▸ EXERCISE
Using the data beneath this instruction, retype only the lines from the one that contains "#6259 = VECTOR ( 'NONE', #2208, 39.37008 ) ;" down to the one that contains "#15194 = CARTESIAN_POINT", both included, exactly as they appear.
Start of Block
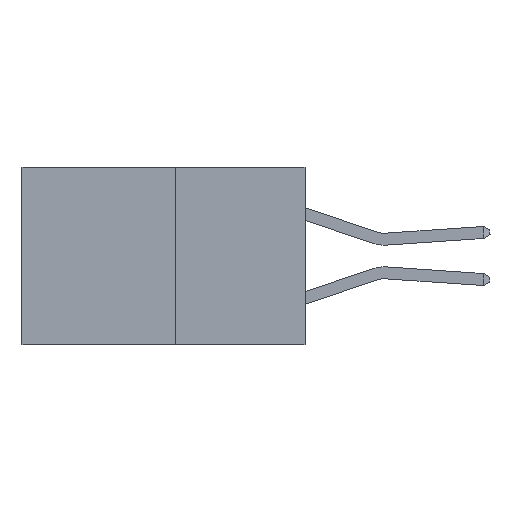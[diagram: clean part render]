
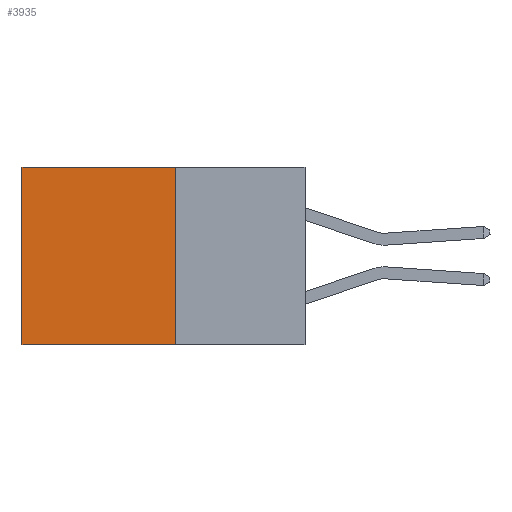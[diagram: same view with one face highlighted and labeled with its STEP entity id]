
A CAD part, left-side view. The second image highlights one B-rep face of the part: STEP entity #3935.
In plain terms, the highlighted planar face has unit normal (-1, 0, 0).
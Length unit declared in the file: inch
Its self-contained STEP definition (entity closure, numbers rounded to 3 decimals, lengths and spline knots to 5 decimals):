
#682 = LINE ( 'NONE', #12573, #7615 ) ;
#790 = CARTESIAN_POINT ( 'NONE',  ( 0.277, 0.59, -0.37 ) ) ;
#882 = CARTESIAN_POINT ( 'NONE',  ( 0.277, 0.59, -0.37 ) ) ;
#2208 = DIRECTION ( 'NONE',  ( 0., 0., -1. ) ) ;
#2367 = ORIENTED_EDGE ( 'NONE', *, *, #11489, .T. ) ;
#3160 = DIRECTION ( 'NONE',  ( 0., 0., -1. ) ) ;
#3935 = ADVANCED_FACE ( 'NONE', ( #9014 ), #6004, .F. ) ;
#4317 = DIRECTION ( 'NONE',  ( 0., 1., 0. ) ) ;
#4378 = AXIS2_PLACEMENT_3D ( 'NONE', #5776, #17102, #3160 ) ;
#5776 = CARTESIAN_POINT ( 'NONE',  ( 0.277, 0.27, -0.37 ) ) ;
#6004 = PLANE ( 'NONE',  #4378 ) ;
#6259 = VECTOR ( 'NONE', #2208, 39.37008 ) ;
#6675 = EDGE_CURVE ( 'NONE', #7914, #14545, #13708, .T. ) ;
#6972 = VERTEX_POINT ( 'NONE', #10802 ) ;
#7615 = VECTOR ( 'NONE', #12729, 39.37008 ) ;
#7914 = VERTEX_POINT ( 'NONE', #9151 ) ;
#8889 = EDGE_CURVE ( 'NONE', #7914, #6972, #682, .T. ) ;
#8963 = ORIENTED_EDGE ( 'NONE', *, *, #16537, .F. ) ;
#9014 = FACE_OUTER_BOUND ( 'NONE', #13960, .T. ) ;
#9151 = CARTESIAN_POINT ( 'NONE',  ( 0.277, 0.27, 0. ) ) ;
#9563 = VECTOR ( 'NONE', #4317, 39.37008 ) ;
#10131 = CARTESIAN_POINT ( 'NONE',  ( 0.277, 0.59, 0. ) ) ;
#10135 = VECTOR ( 'NONE', #12858, 39.37008 ) ;
#10167 = ORIENTED_EDGE ( 'NONE', *, *, #6675, .T. ) ;
#10802 = CARTESIAN_POINT ( 'NONE',  ( 0.277, 0.27, -0.37 ) ) ;
#10837 = LINE ( 'NONE', #790, #6259 ) ;
#11489 = EDGE_CURVE ( 'NONE', #14545, #16225, #10837, .T. ) ;
#11621 = ORIENTED_EDGE ( 'NONE', *, *, #8889, .F. ) ;
#12573 = CARTESIAN_POINT ( 'NONE',  ( 0.277, 0.27, -0.37 ) ) ;
#12729 = DIRECTION ( 'NONE',  ( 0., 0., -1. ) ) ;
#12858 = DIRECTION ( 'NONE',  ( 0., 1., 0. ) ) ;
#13189 = LINE ( 'NONE', #15194, #9563 ) ;
#13247 = CARTESIAN_POINT ( 'NONE',  ( 0.277, 0.27, 0. ) ) ;
#13708 = LINE ( 'NONE', #13247, #10135 ) ;
#13960 = EDGE_LOOP ( 'NONE', ( #2367, #8963, #11621, #10167 ) ) ;
#14545 = VERTEX_POINT ( 'NONE', #10131 ) ;
#15194 = CARTESIAN_POINT ( 'NONE',  ( 0.277, 0.27, -0.37 ) ) ;
#16225 = VERTEX_POINT ( 'NONE', #882 ) ;
#16537 = EDGE_CURVE ( 'NONE', #6972, #16225, #13189, .T. ) ;
#17102 = DIRECTION ( 'NONE',  ( 1., 0., 0. ) ) ;
End of Block
▸ FINISHED TASK
#6259 = VECTOR ( 'NONE', #2208, 39.37008 ) ;
#6675 = EDGE_CURVE ( 'NONE', #7914, #14545, #13708, .T. ) ;
#6972 = VERTEX_POINT ( 'NONE', #10802 ) ;
#7615 = VECTOR ( 'NONE', #12729, 39.37008 ) ;
#7914 = VERTEX_POINT ( 'NONE', #9151 ) ;
#8889 = EDGE_CURVE ( 'NONE', #7914, #6972, #682, .T. ) ;
#8963 = ORIENTED_EDGE ( 'NONE', *, *, #16537, .F. ) ;
#9014 = FACE_OUTER_BOUND ( 'NONE', #13960, .T. ) ;
#9151 = CARTESIAN_POINT ( 'NONE',  ( 0.277, 0.27, 0. ) ) ;
#9563 = VECTOR ( 'NONE', #4317, 39.37008 ) ;
#10131 = CARTESIAN_POINT ( 'NONE',  ( 0.277, 0.59, 0. ) ) ;
#10135 = VECTOR ( 'NONE', #12858, 39.37008 ) ;
#10167 = ORIENTED_EDGE ( 'NONE', *, *, #6675, .T. ) ;
#10802 = CARTESIAN_POINT ( 'NONE',  ( 0.277, 0.27, -0.37 ) ) ;
#10837 = LINE ( 'NONE', #790, #6259 ) ;
#11489 = EDGE_CURVE ( 'NONE', #14545, #16225, #10837, .T. ) ;
#11621 = ORIENTED_EDGE ( 'NONE', *, *, #8889, .F. ) ;
#12573 = CARTESIAN_POINT ( 'NONE',  ( 0.277, 0.27, -0.37 ) ) ;
#12729 = DIRECTION ( 'NONE',  ( 0., 0., -1. ) ) ;
#12858 = DIRECTION ( 'NONE',  ( 0., 1., 0. ) ) ;
#13189 = LINE ( 'NONE', #15194, #9563 ) ;
#13247 = CARTESIAN_POINT ( 'NONE',  ( 0.277, 0.27, 0. ) ) ;
#13708 = LINE ( 'NONE', #13247, #10135 ) ;
#13960 = EDGE_LOOP ( 'NONE', ( #2367, #8963, #11621, #10167 ) ) ;
#14545 = VERTEX_POINT ( 'NONE', #10131 ) ;
#15194 = CARTESIAN_POINT ( 'NONE',  ( 0.277, 0.27, -0.37 ) ) ;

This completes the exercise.